Amazon Link: [http://www.amazon.com/In-The-Plex-Google-
Thinks/dp/145587572...](http://www.amazon.com/In-The-Plex-Google-
Thinks/dp/1455875724)

She told the interviewer (I believe Steven Levy) that they train future
managers by sending them all around the world and spending a ridiculous amount
on each one, but they only expect one of every five or six to be there within
three years. They want those type of people because they are ambitious and
they want the Google ideology everywhere so they are happy to do it.
Essentially, even if you can only get an employee for a year, Google usually
highers the best and brightest so they'll probably achieve great things AND
when they move on there will still be a connection to Google (and spread
Google ideology).

Also, from the ex-Google employees I have talked to they don't feel they can
make a big enough difference and would rather join a startup. That's probably
because they vet the applicants so well to get ambitious individuals they end
up losing them because they want to start or join a new company to both make
more money and make a larger impact.

------
tomjen3
Hopefully the people google hire are smart enough to know that there os no
such thing as loyality towards employees in business and as a direct
consequence there should be none from employees toward businesses, once a
better offer is availeble.

------
chrisduesing
Too many people are making the assumption that this is the new normal, or has
something to do with the morals of a group of people.

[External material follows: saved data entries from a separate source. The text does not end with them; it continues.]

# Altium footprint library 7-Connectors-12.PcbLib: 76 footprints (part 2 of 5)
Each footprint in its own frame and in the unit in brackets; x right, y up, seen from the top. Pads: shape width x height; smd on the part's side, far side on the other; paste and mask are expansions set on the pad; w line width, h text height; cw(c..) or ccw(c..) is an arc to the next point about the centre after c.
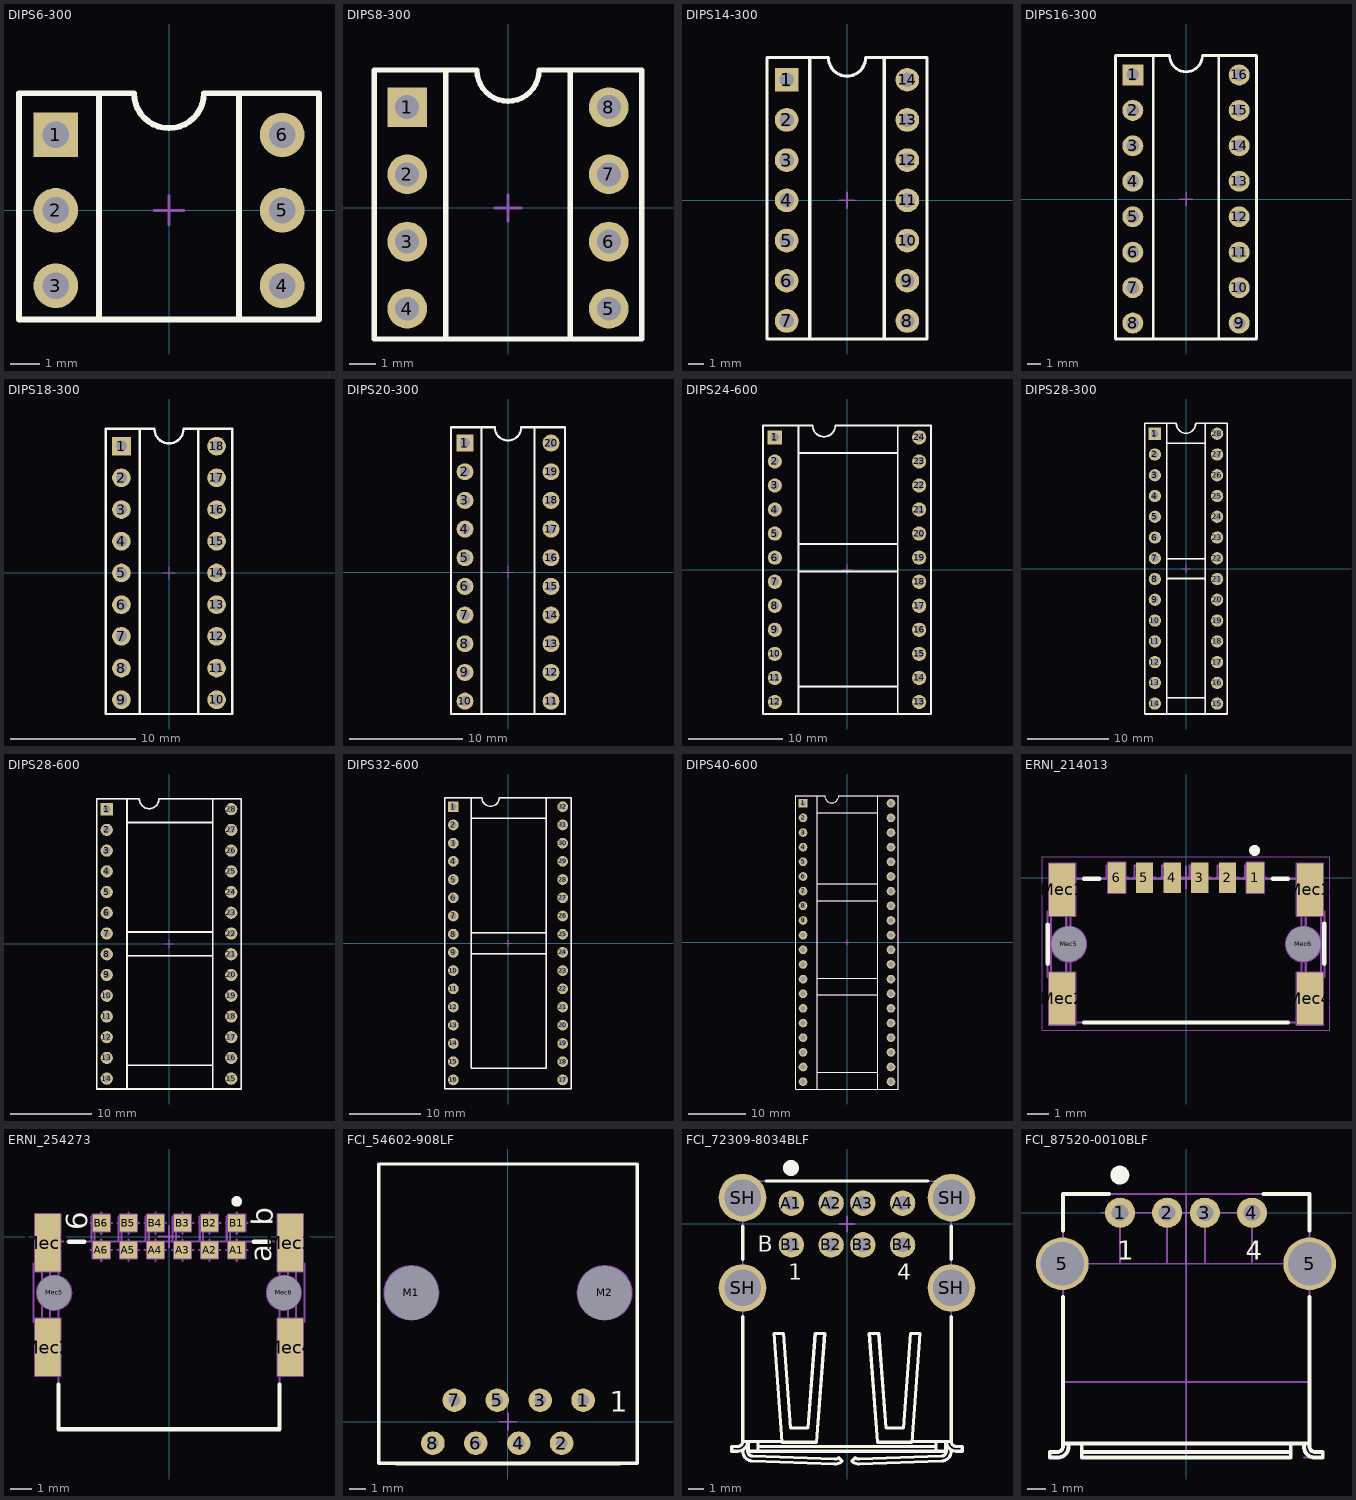
[diagram p1: the footprints below, top view; thin cyan lines are the x and y axes]

## DIPS6-300 [mm] "DIP Socket 6 Leads, Row Spacing 7.62 mm; Pitch 2.54 mm"
height 4.2
pads (6):
  rect 1.5x1.5 hole 0.9: 1(-3.81,2.54)
  round 1.5 hole 0.9: 2(-3.81,0) 3(-3.81,-2.54) 4(3.81,-2.54) 5(3.81,0) 6(3.81,2.54)
Top Overlay:
  lines w0.2: -2.35,-3.68 -2.35,3.94 ; 2.35,-3.68 2.35,3.94 ; -5.05,-3.68 5.05,-3.68 5.05,3.94 1.175,3.94 cw(c0,3.94) -1.175,3.94 -5.05,3.94 -5.05,-3.68
Mechanical 8:
  lines w0.1: -4.31,-2.41 -3.81,-2.41 ; -4.31,0.13 -3.81,0.13 ; -4.31,2.67 -3.81,2.67 ; -3.81,-2.91 -3.81,-2.41 ; -3.81,-1.91 -3.81,-2.41 ; -3.81,-0.37 -3.81,0.13 ; -3.81,0.63 -3.81,0.13 ; -3.81,2.17 -3.81,2.67 ; -3.81,3.17 -3.81,2.67 ; -3.31,-2.41 -3.81,-2.41 ; -3.31,0.13 -3.81,0.13 ; -3.31,2.67 -3.81,2.67 ; -0.5,0 0,0 ; 0,-0.5 0,0 ; 0,0.5 0,0 ; 0.5,0 0,0 ; 3.31,-2.41 3.81,-2.41 ; 3.31,0.13 3.81,0.13 ; 3.31,2.67 3.81,2.67 ; 3.81,-2.91 3.81,-2.41 ; 3.81,-1.91 3.81,-2.41 ; 3.81,-0.37 3.81,0.13 ; 3.81,0.63 3.81,0.13 ; 3.81,2.17 3.81,2.67 ; 3.81,3.17 3.81,2.67 ; 4.31,-2.41 3.81,-2.41 ; 4.31,0.13 3.81,0.13 ; 4.31,2.67 3.81,2.67
Mechanical 14:
  lines w0.1: -2.35,-3.68 -2.35,3.94 ; 2.35,-3.68 2.35,3.94 ; -5.05,-3.68 5.05,-3.68 5.05,3.94 1.175,3.94 cw(c0,3.94) -1.175,3.94 -5.05,3.94 -5.05,-3.68
3D body "DIPS6-300.stp": height 4.2, standoff -3.17, extent -5.05,-3.68 5.05,3.94

## DIPS8-300 [mm] "DIP Socket 8 Leads, Row Spacing 7.62 mm; Pitch 2.54 mm"
height 4.2
pads (8):
  rect 1.5x1.5 hole 0.9: 1(-3.81,3.81)
  round 1.5 hole 0.9: 2(-3.81,1.27) 3(-3.81,-1.27) 4(-3.81,-3.81) 5(3.81,-3.81) 6(3.81,-1.27) 7(3.81,1.27) 8(3.81,3.81)
Top Overlay:
  lines w0.2: -2.35,-4.95 -2.35,5.21 ; 2.35,-4.95 2.35,5.21 ; -5.05,-4.95 -5.05,5.21 -1.175,5.21 ccw(c0,5.21) 1.175,5.21 5.05,5.21 5.05,-4.95 -5.05,-4.95
Mechanical 8:
  lines w0.1: -4.31,-3.68 -3.81,-3.68 ; -4.31,-1.14 -3.81,-1.14 ; -4.31,1.4 -3.81,1.4 ; -4.31,3.94 -3.81,3.94 ; -3.81,-4.18 -3.81,-3.68 ; -3.81,-3.18 -3.81,-3.68 ; -3.81,-1.64 -3.81,-1.14 ; -3.81,-0.64 -3.81,-1.14 ; -3.81,0.9 -3.81,1.4 ; -3.81,1.9 -3.81,1.4 ; -3.81,3.44 -3.81,3.94 ; -3.81,4.44 -3.81,3.94 ; -3.31,-3.68 -3.81,-3.68 ; -3.31,-1.14 -3.81,-1.14 ; -3.31,1.4 -3.81,1.4 ; -3.31,3.94 -3.81,3.94 ; -0.5,0 0,0 ; 0,-0.5 0,0 ; 0,0.5 0,0 ; 0.5,0 0,0 ; 3.31,-3.68 3.81,-3.68 ; 3.31,-1.14 3.81,-1.14 ; 3.31,1.4 3.81,1.4 ; 3.31,3.94 3.81,3.94 ; 3.81,-4.18 3.81,-3.68 ; 3.81,-3.18 3.81,-3.68 ; 3.81,-1.64 3.81,-1.14 ; 3.81,-0.64 3.81,-1.14 ; 3.81,0.9 3.81,1.4 ; 3.81,1.9 3.81,1.4 ; 3.81,3.44 3.81,3.94 ; 3.81,4.44 3.81,3.94 ; 4.31,-3.68 3.81,-3.68 ; 4.31,-1.14 3.81,-1.14 ; 4.31,1.4 3.81,1.4 ; 4.31,3.94 3.81,3.94
Mechanical 14:
  lines w0.1: -2.35,-4.95 -2.35,5.21 ; 2.35,-4.95 2.35,5.21 ; -5.05,-4.95 -5.05,5.21 -1.175,5.21 ccw(c0,5.21) 1.175,5.21 5.05,5.21 5.05,-4.95 -5.05,-4.95
3D body "DIPS8-300.stp": height 4.2, standoff -3.17, extent -5.05,-5.05 5.05,5.05

## DIPS14-300 [mm] "DIP  Socket 14 Leads, Row Spacing 7.62 mm; Pitch 2.54 mm"
height 4.2
pads (14):
  rect 1.5x1.5 hole 0.9: 1(-3.81,7.62)
  round 1.5 hole 0.9: 2(-3.81,5.08) 3(-3.81,2.54) 4(-3.81,0) 5(-3.81,-2.54) 6(-3.81,-5.08) 7(-3.81,-7.62) 8(3.81,-7.62) 9(3.81,-5.08) 10(3.81,-2.54) 11(3.81,0) 12(3.81,2.54) 13(3.81,5.08) 14(3.81,7.62)
Top Overlay:
  lines w0.2: -2.35,-8.76 -2.35,9.02 ; 2.35,-8.76 2.35,9.02 ; -5.05,-8.76 5.05,-8.76 5.05,9.02 1.175,9.02 cw(c0,9.02) -1.175,9.02 -5.05,9.02 -5.05,-8.76
Mechanical 8:
  lines w0.1: -4.31,-7.49 -3.81,-7.49 ; -4.31,-4.95 -3.81,-4.95 ; -4.31,-2.41 -3.81,-2.41 ; -4.31,0.13 -3.81,0.13 ; -4.31,2.67 -3.81,2.67 ; -4.31,5.21 -3.81,5.21 ; -4.31,7.75 -3.81,7.75 ; -3.81,-7.99 -3.81,-7.49 ; -3.81,-6.99 -3.81,-7.49 ; -3.81,-5.45 -3.81,-4.95 ; -3.81,-4.45 -3.81,-4.95 ; -3.81,-2.91 -3.81,-2.41 ; -3.81,-1.91 -3.81,-2.41 ; -3.81,-0.37 -3.81,0.13 ; -3.81,0.63 -3.81,0.13 ; -3.81,2.17 -3.81,2.67 ; -3.81,3.17 -3.81,2.67 ; -3.81,4.71 -3.81,5.21 ; -3.81,5.71 -3.81,5.21 ; -3.81,7.25 -3.81,7.75 ; -3.81,8.25 -3.81,7.75 ; -3.31,-7.49 -3.81,-7.49 ; -3.31,-4.95 -3.81,-4.95 ; -3.31,-2.41 -3.81,-2.41 ; -3.31,0.13 -3.81,0.13 ; -3.31,2.67 -3.81,2.67 ; -3.31,5.21 -3.81,5.21 ; -3.31,7.75 -3.81,7.75 ; -0.5,0 0,0 ; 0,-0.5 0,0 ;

Instead, it is simply a market at work. Right now there are too few highly
skilled programmers and too many job openings. Exacerbating the effect is
cheap capital which allows companies to keep raising salaries.

When the market shifts, which it invariably will, hiring will slow and average
tenure will increase.

------
thatinstant
Link bait! The author doesn't truly answer the question in the title and even
worse, the author throws a whole generation of people under the bus, so to
speak. There is no balance to the explanation as it is one-sided with the
employees to blame. Find me a corporation (that still exists) that is _truly_
loyal to its employees... The author needs to read Richard Wolff.

------
gnosis
When was the last time a corporation was "loyal" to its employees?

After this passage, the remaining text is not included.